[Opening Dataset extract section]

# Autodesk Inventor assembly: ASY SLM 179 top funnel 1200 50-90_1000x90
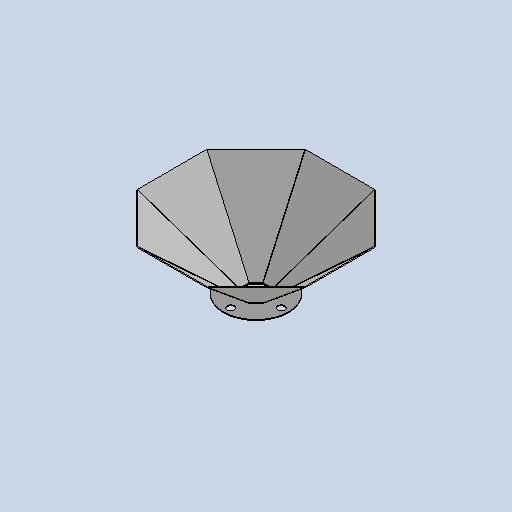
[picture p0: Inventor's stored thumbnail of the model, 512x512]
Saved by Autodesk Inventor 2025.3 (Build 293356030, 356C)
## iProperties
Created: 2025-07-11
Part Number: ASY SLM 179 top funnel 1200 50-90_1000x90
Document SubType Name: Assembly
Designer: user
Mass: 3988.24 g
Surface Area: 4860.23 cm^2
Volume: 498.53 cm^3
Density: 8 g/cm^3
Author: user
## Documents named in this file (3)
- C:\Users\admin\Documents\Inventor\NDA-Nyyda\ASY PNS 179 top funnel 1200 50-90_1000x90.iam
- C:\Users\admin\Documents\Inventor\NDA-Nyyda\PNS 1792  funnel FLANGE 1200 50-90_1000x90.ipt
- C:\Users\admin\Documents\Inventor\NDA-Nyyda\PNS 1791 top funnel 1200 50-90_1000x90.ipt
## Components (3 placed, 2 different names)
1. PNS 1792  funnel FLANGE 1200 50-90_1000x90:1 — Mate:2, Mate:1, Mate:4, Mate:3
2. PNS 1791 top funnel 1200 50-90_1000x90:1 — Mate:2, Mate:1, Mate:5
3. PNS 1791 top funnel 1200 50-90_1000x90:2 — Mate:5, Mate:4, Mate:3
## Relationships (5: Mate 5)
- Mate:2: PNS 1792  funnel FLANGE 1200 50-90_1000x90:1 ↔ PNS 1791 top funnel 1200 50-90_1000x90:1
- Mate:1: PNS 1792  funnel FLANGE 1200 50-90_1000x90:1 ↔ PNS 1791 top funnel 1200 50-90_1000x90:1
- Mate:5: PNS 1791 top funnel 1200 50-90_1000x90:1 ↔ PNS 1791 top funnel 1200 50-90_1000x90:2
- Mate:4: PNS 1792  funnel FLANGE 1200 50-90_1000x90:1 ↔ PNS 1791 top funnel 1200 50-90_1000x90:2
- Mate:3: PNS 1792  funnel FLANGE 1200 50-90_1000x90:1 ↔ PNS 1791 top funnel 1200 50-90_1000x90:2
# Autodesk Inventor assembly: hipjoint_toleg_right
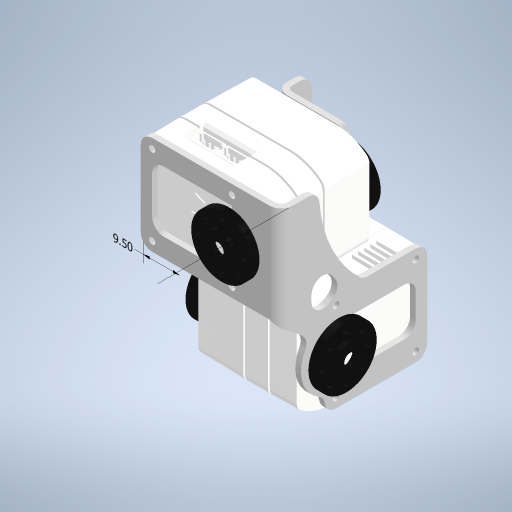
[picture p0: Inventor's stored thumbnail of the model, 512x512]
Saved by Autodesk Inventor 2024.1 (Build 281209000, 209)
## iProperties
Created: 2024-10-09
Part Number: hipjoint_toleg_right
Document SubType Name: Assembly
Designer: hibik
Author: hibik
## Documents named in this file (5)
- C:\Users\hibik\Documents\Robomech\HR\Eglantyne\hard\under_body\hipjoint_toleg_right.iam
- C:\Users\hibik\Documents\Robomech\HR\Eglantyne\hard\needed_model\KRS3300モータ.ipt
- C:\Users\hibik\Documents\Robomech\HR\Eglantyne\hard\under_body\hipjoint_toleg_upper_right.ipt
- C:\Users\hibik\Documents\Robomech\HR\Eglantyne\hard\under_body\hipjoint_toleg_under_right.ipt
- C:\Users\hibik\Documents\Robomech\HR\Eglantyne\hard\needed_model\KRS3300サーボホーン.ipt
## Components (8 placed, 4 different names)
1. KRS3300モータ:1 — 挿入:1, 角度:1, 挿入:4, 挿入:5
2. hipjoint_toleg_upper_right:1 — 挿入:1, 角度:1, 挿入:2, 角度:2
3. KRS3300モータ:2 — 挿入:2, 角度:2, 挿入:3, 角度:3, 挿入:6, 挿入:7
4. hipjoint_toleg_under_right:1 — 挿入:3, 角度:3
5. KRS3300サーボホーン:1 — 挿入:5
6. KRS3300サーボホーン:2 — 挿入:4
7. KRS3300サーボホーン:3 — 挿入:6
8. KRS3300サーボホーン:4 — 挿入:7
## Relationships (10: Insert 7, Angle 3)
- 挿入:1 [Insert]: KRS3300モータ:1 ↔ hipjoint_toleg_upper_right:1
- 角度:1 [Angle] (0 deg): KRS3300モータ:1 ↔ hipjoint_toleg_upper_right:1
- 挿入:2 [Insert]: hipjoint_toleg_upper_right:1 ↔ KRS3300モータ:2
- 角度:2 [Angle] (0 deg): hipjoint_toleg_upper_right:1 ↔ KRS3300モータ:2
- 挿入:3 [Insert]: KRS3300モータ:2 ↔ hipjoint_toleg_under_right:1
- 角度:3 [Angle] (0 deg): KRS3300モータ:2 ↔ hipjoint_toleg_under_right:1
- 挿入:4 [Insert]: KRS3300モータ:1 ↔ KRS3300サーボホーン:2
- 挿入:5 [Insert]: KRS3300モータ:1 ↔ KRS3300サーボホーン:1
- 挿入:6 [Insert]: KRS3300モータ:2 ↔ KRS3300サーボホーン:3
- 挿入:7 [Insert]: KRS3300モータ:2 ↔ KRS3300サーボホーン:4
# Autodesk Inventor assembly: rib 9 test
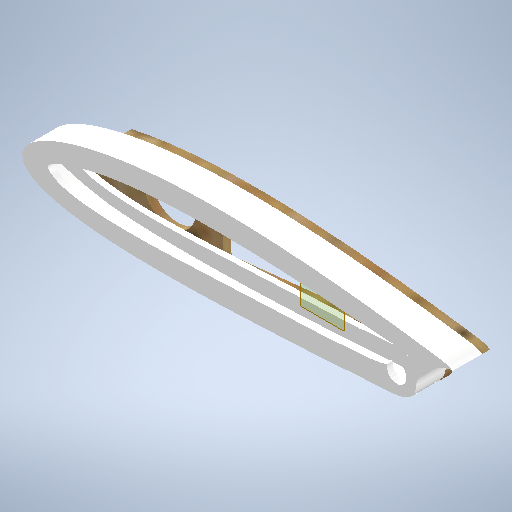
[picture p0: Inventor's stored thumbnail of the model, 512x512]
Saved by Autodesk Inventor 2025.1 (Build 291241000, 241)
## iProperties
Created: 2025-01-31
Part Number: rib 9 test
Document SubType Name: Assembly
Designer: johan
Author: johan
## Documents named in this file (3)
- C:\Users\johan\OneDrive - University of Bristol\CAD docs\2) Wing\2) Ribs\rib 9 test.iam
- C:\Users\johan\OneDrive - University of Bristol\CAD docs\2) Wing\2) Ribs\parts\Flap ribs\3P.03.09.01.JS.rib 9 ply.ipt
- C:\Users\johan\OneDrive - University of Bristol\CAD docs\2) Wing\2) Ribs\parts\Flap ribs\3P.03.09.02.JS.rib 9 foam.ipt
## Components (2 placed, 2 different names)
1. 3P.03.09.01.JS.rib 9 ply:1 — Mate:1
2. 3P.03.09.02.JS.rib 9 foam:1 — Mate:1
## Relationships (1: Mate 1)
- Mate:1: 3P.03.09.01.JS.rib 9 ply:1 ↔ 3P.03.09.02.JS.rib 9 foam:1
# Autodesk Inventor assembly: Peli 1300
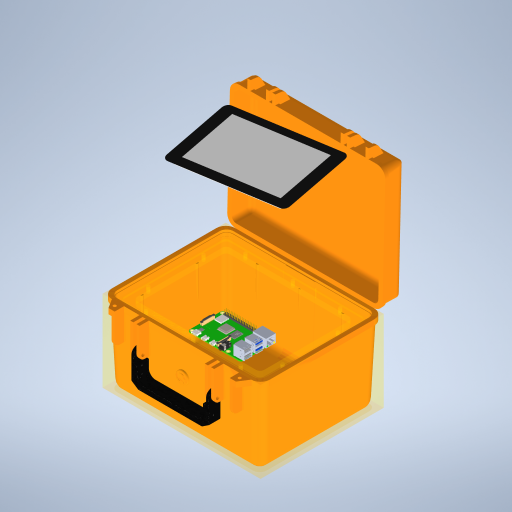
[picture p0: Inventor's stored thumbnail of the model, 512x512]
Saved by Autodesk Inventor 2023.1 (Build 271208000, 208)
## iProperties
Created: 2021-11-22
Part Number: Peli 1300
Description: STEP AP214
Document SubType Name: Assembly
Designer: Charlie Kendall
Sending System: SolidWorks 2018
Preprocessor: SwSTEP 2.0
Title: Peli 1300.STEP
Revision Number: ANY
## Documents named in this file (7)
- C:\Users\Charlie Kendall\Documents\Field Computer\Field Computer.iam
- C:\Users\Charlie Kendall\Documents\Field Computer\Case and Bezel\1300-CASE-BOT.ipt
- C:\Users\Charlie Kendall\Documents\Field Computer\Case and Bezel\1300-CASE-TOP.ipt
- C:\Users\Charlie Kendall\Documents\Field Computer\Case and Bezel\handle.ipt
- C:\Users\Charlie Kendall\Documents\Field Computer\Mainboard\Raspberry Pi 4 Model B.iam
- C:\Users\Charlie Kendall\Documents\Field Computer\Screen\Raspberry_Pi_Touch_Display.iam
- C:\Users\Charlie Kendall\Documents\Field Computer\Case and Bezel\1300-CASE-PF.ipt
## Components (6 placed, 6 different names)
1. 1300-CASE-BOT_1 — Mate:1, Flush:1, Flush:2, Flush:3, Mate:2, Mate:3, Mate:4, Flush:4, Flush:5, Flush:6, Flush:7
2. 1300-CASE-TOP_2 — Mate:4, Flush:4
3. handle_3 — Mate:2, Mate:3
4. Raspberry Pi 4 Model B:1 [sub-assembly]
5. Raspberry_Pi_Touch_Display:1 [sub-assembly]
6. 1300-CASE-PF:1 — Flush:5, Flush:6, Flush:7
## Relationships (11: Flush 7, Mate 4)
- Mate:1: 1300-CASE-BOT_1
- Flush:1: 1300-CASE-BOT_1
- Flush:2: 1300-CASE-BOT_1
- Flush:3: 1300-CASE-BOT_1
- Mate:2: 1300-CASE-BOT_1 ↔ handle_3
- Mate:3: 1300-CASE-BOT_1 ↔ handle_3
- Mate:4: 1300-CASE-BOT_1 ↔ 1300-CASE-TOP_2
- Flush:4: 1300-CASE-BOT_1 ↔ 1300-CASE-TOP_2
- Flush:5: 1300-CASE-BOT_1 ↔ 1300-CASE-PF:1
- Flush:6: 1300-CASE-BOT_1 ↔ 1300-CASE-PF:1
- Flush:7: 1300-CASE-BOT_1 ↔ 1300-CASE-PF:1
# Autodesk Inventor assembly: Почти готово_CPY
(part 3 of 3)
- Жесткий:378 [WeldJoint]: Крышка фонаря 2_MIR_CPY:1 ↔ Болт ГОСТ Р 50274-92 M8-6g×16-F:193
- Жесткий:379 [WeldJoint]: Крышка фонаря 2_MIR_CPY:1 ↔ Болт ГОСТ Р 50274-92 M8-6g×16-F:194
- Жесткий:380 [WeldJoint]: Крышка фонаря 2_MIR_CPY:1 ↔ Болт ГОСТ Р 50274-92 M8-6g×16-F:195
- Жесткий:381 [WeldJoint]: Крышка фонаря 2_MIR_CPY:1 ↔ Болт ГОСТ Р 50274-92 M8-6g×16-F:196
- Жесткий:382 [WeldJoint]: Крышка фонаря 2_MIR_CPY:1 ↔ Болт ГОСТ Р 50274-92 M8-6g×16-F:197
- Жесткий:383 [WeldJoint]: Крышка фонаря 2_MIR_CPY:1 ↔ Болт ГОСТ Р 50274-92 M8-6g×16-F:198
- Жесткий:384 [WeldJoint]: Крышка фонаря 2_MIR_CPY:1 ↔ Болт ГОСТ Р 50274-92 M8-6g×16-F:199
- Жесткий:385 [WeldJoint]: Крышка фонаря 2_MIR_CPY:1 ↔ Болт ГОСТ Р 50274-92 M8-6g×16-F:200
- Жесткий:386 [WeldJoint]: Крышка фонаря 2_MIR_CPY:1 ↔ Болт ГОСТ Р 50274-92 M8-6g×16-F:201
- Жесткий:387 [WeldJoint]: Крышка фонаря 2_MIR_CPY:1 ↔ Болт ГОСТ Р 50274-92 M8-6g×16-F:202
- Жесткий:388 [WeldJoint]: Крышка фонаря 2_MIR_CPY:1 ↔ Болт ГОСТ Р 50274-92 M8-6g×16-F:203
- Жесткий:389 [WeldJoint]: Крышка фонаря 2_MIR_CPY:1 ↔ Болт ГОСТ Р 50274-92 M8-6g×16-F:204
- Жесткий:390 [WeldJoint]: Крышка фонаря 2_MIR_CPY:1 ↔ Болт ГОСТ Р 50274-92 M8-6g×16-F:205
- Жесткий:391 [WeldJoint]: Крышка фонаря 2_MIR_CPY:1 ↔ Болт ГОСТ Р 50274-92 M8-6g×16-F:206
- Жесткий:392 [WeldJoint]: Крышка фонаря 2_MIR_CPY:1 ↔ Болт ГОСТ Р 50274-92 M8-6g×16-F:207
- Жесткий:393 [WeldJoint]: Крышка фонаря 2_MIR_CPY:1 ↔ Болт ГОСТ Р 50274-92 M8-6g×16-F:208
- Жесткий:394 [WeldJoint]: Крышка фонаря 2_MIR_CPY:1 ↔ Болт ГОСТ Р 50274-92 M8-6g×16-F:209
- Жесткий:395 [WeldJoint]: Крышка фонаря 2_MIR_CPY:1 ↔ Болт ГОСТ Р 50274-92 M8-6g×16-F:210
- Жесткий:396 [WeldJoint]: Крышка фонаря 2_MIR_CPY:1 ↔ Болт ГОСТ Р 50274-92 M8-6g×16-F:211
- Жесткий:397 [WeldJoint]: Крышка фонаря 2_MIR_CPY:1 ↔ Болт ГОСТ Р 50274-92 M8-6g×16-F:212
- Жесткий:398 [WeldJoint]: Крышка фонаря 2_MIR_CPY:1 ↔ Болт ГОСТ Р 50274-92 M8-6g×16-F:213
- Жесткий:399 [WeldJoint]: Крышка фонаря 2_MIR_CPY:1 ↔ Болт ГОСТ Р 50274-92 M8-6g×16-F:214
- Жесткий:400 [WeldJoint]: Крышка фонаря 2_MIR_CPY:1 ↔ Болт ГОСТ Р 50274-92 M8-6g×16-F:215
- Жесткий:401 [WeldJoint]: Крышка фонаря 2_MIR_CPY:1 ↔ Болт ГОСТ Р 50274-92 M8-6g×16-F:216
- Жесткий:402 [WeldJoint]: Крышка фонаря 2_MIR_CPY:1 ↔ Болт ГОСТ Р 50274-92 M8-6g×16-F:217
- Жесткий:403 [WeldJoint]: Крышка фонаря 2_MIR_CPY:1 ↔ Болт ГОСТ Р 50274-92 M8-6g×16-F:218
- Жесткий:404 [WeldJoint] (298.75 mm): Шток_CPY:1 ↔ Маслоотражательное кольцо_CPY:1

[Closing Dataset extract section]

Requirement: For the string "hibik", go line by line through the material and copy every line that has it.

Reply:
Designer: hibik
Author: hibik
- C:\Users\hibik\Documents\Robomech\HR\Eglantyne\hard\under_body\hipjoint_toleg_right.iam
- C:\Users\hibik\Documents\Robomech\HR\Eglantyne\hard\needed_model\KRS3300モータ.ipt
- C:\Users\hibik\Documents\Robomech\HR\Eglantyne\hard\under_body\hipjoint_toleg_upper_right.ipt
- C:\Users\hibik\Documents\Robomech\HR\Eglantyne\hard\under_body\hipjoint_toleg_under_right.ipt
- C:\Users\hibik\Documents\Robomech\HR\Eglantyne\hard\needed_model\KRS3300サーボホーン.ipt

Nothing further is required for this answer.